When running within BackupAssist, you can also add the /b switch to robocopy – this will copy the files in “backup” mode, which retains NTFS metadata like ACLs.
Note: this requires the Cloud Offsite add-on.
If you aren’t using BackupAssist, you can certainly schedule the scripts and use a cloud sync tool (as mentioned above) to get your files offsite. Then you can use BackupAssist 365 to re-download those files to a different location. However, you may have a problem with silent failures, because the output of the robocopy script and sync results might not be visible to you from the scheduled task.
Recommendation 3 – activate SMS alerts in CryptoSafeGuard
The third recommendation I’ll make is to activate the SMS feature in CryptoSafeGuard. CryptoSafeGuard will automatically scan your backup data set for evidence of files that have been corrupted by ransomware. The SMS feature is very handy, because it means you will be notified if CryptoSafeGuard finds suspicious activity.
Note: This will require a BackupCare subscription.
Recommendation 4 – power down machines that don’t need to be on
This recommendation is a direct mitigation against the threat of hacking (Problem #2).
Remember that every device on your network is a potential entry point for hackers.
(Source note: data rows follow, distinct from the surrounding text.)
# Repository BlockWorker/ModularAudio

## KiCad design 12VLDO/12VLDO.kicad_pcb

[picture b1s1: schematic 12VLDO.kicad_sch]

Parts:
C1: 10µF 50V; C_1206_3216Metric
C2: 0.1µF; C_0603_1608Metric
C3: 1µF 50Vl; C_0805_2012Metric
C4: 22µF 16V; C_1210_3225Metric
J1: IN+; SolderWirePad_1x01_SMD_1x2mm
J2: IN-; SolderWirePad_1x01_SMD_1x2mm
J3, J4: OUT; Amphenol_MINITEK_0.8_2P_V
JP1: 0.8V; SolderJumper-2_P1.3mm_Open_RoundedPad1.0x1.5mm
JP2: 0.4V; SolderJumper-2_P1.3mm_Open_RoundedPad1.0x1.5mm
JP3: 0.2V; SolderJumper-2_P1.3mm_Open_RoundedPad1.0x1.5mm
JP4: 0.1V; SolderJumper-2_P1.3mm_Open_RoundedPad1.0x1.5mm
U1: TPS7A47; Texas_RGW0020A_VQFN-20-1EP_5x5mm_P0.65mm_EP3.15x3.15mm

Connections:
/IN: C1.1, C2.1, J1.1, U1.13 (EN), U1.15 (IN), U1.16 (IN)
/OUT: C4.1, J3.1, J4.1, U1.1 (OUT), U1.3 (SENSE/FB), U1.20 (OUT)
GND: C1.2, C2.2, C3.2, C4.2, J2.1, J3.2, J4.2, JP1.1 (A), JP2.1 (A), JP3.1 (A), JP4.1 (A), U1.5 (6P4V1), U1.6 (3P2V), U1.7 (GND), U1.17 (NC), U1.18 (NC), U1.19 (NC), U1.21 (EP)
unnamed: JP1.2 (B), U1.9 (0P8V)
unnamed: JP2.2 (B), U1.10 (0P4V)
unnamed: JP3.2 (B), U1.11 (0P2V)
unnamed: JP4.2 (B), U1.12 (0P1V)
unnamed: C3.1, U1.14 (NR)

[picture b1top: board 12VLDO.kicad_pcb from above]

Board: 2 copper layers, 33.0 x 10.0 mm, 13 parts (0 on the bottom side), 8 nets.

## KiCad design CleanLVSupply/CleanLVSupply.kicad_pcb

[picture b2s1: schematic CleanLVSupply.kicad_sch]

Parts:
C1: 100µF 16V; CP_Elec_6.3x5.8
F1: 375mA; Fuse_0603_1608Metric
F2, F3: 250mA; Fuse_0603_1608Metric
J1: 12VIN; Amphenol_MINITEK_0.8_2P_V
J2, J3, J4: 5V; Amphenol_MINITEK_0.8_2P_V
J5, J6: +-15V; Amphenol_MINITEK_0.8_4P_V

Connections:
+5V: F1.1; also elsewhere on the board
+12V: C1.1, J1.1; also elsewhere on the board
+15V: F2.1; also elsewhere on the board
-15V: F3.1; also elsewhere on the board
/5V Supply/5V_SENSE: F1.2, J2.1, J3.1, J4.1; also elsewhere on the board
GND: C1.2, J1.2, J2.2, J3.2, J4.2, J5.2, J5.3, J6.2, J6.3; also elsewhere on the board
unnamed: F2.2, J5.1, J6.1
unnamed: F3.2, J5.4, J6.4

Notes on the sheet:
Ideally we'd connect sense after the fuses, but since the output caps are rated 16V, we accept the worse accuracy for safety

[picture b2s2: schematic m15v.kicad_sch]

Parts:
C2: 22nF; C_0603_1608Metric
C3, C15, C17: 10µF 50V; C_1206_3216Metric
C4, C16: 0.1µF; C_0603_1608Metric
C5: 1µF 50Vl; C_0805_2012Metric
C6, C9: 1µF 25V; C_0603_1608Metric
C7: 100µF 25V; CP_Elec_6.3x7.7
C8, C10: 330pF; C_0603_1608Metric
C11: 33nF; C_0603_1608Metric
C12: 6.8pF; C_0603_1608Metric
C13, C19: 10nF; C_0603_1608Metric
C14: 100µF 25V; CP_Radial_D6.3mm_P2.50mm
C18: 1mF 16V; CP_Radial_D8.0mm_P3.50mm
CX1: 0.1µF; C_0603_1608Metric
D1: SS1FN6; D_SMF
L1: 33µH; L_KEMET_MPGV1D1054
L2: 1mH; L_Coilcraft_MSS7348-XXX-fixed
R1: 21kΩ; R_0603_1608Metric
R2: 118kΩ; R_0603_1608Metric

The only way to reduce the possibility of hacking attack is to reduce your footprint.
Therefore, power down anything that doesn’t need to be accessed during the lockdown. This includes:
- Isolating any routers and switches and taking them offline. Perhaps during a lockdown, only a portion of your subnet needs to be online. Then isolate that subnet, while powering down other subnets.
- Powering down any PCs that won’t be accessed remotely or aren’t needed to support remote access.
- Power down devices like printers – these are known to be potential entry points for hackers.
- Turning off guest wifi access – it’s unnecessary given you won’t be having any guests over.
Let’s all stay safe…
Aside from these cyber preparations that I’ve described above, I’d like to extend my best wishes to our friends and clients all over the world. We have so many clients who are already in lockdown – in places like Italy and South-east Asia. I hope that we will get through this Coronavirus pandemic and that the worst will be over within 3 months.